Dwadzieścia pięć
Brooklyn's POV:
Po incydencie z poprzedniej nocy zdecydowałyśmy, by spotkać się u nas z bliskim przyjacielem, by opracować kolejny plan.
Obserwowałam z poręczy jak dziewczyny pracują. Chodziłam w tę i z powrotem, zastanawiając się nad tym, jak Tank mógłby spieprzyć całą operację. Tak, McCann powiedział w prawdzie, że nie uważa, bym była do tego zdolna, ale po latach obserwowania go wiem, że będzie trzymał swoich ochroniarzy bliżej mnie, czy pozostałych dziewczyn.
- Ace, cokolwiek? - Spojrzałam na nią, siedzącą przed komputerem.
- Nic, jeszcze tego nie znaleźli.
Chłopcy wciąż szukali podsłuchu, który umieściłyśmy w aucie McCanna. Właściwie to było dosyć żałosne. Ostatnia noc mogła być niepowodzeniem, ale wiem, że mamy więcej szans. Teraz jednak, musiałyśmy się kimś zająć. Tankiem.
- Więc, co zrobimy z Tankiem? - Kelly uniosła wzrok.

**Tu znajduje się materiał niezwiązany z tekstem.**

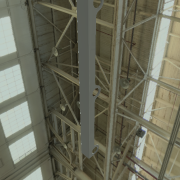
# Autodesk Inventor part: Randschiene 7L
Saved by Autodesk Inventor 2015 (Build 190159000, 159)
## iProperties
Created: 2017-04-11
Part Number: Randschiene 7L
Material: Generic
Document SubType Name: Modeling
Designer: Seelenernter
Density: 1 g/cm^3
Appearance: Galvanisiert
Author: Seelenernter
Autodesk Inventor part; units mm, degrees
sketch "Skizze1" plane through (0, 0, 0) normal (0, 0, 1) x (1, 0, 0)
  line L0 (0, 60) -> (0, -10) projected
  line L1 (-56, 0) -> (56, 0) projected
  line L2 (-56, 0) -> (56, 0) projected
  line L3 (0, -10) -> (0, 60) projected
  line L4 (-40, 0) -> (40, 0)
  line L5 (-40, 0) -> (-40, 50)
  line L6 (40, 0) -> (40, 50)
  line L7 (-35, 50) -> (-35, 5)
  line L8 (-35, 5) -> (35, 5)
  line L9 (35, 5) -> (35, 50)
  line L10 (-40, 50) -> (-35, 50)
  line L11 (40, 50) -> (35, 50)
  point P0 (0, 0)
  point P1 (0, 0)
  dimension "d0" = 80
  dimension "d1" = 50
  dimension "d2" = 50
  dimension "d4" = 5
  constraints: 16 end point, 2 point on line, 2 vertical, 1 coincident, 1 collinear, 1 horizontal, 1 midpoint, 2 other
  measures "d0" distance between parallel lines of L6 L5
  measures "d1" distance of L4.end L6.end
  measures "d2" distance of L4.start L5.end
  measures "d4" distance between parallel lines of L5 L7
extrude "Extrusion1" add sketch "Skizze1" along normal blind 585
fillet "Rundung1" radius 2.5 2 edges at (-35, 5, 292.5) (35, 5, 292.5)
fillet "Rundung1" radius 5 2 edges at (40, 0, 292.5) (-40, 0, 292.5)
sketch "Skizze2" plane through (40, 50, 585) normal (1, 0, 0) x (0, 0, -1)
  line L0 (585, -45) -> (0, -45) projected
  line L1 (585, -45) -> (585, 0) projected
  line L2 (585, 0) -> (0, 0) projected
  line L3 (0, -45) -> (0, 0) projected
  line L4 (0, -45) -> (0, -50) projected
  line L5 (0, -50) -> (585, -50) projected
  line L6 (585, -50) -> (585, -45) projected
  line L7 (585, -45) -> (0, -45) projected
  arc A0 (85, 7.5) -> (0, 7.5) centre (42.5, 7.5) ccw
  line L8 (0, 7.5) -> (0, 0)
  line L9 (85, 7.5) -> (85, 0)
  point P0 (585, -50)
  dimension "d9" = 85
  dimension "d10" = 100
  dimension "d11" = 42.5
  constraints: 4 end point, 2 point on circle, 1 centre point, 1 perpendicular, 1 point on line, 1 tangent, 1 vertical
  measures "d9" diameter of A0
  measures "d11" distance from line of L3 A0.centre
extrude "Extrusion2" add sketch "Skizze2" against normal blind 5 contours L8 A0 L9 L2
sketch "Skizze3" plane through (40, 5, 0) normal (1, 0, 0) x (0, 0, -1)
  line L0 (0, 0) -> (-585, 0) projected
  line L1 (0, 0) -> (0, 45) projected
  line L2 (0, 45) -> (-500, 45) projected
  line L3 (-500, 45) -> (-500, 52.5) projected
  arc A0 (-500, 52.5) -> (-585, 52.5) centre (-542.5, 52.5) ccw projected
  line L4 (-585, 0) -> (-585, 52.5) projected
  circle A1 centre (-542.5, 52.5) radius 27.5
  point P0 (0, -5)
  dimension "d14" = 55
  constraints: 1 centre point, 1 coincident
  measures "d14" diameter of A1
extrude "Extrusion3" cut sketch "Skizze3" against normal blind 5 contours A1
ref_plane "Arbeitsebene1" through (40, 5, 292.5) normal (0, 0, 1) x (1, 0, 0)
ref_plane "Arbeitsebene2" through (0, 0, 0) normal (1, 0, 0) x (0, 1, 0)
mirror "Spiegeln1" about plane through (40, 5, 292.5) normal (0, 0, 1) of "Extrusion2", "Extrusion3"
mirror "Spiegeln2" about plane through (0, 0, 0) normal (1, 0, 0) of "Extrusion2", "Extrusion3", "Spiegeln1"
fillet "Rundung2" radius 30 4 edges at (37.5, 50, 500) (-37.5, 50, 500) (-37.5, 50, 85) (37.5, 50, 85)
ref_plane "Arbeitsebene4" through (40, 57.5, 542.5) normal (0, 0, 1) x (-1, 0, 0)
mirror "Spiegeln3" about plane through (40, 57.5, 542.5) normal (0, 0, 1) of "Extrusion1", "Rundung1", "Rundung2", "Extrusion2", "Extrusion3", "Spiegeln1", "Spiegeln2"

Spojrzałam na nią, a następnie na mój pistolet.
- Ktoś musi sprawić, żeby zniknął. Na dobre.
Ace spojrzała na mnie.
- Ja to zrobię.
- Jesteś pewna?
- Jestem tutaj najsilniejsza, jestem jedyną, która może zrobić to cicho, zanim prawdopodobnie się oddali. Ale kiedy powinnam to zrobić? Ja- ZNALEŹLI TO!
Wszyscy zamilkli, a Ace odłączyła słuchawki, więc wszystkie mogłyśmy ich usłyszeć.
- D, znalazłem to! - krzyknął Red,
- Daj to tutaj, muszę ustalić, dokąd to idzie - powiedział Bullet.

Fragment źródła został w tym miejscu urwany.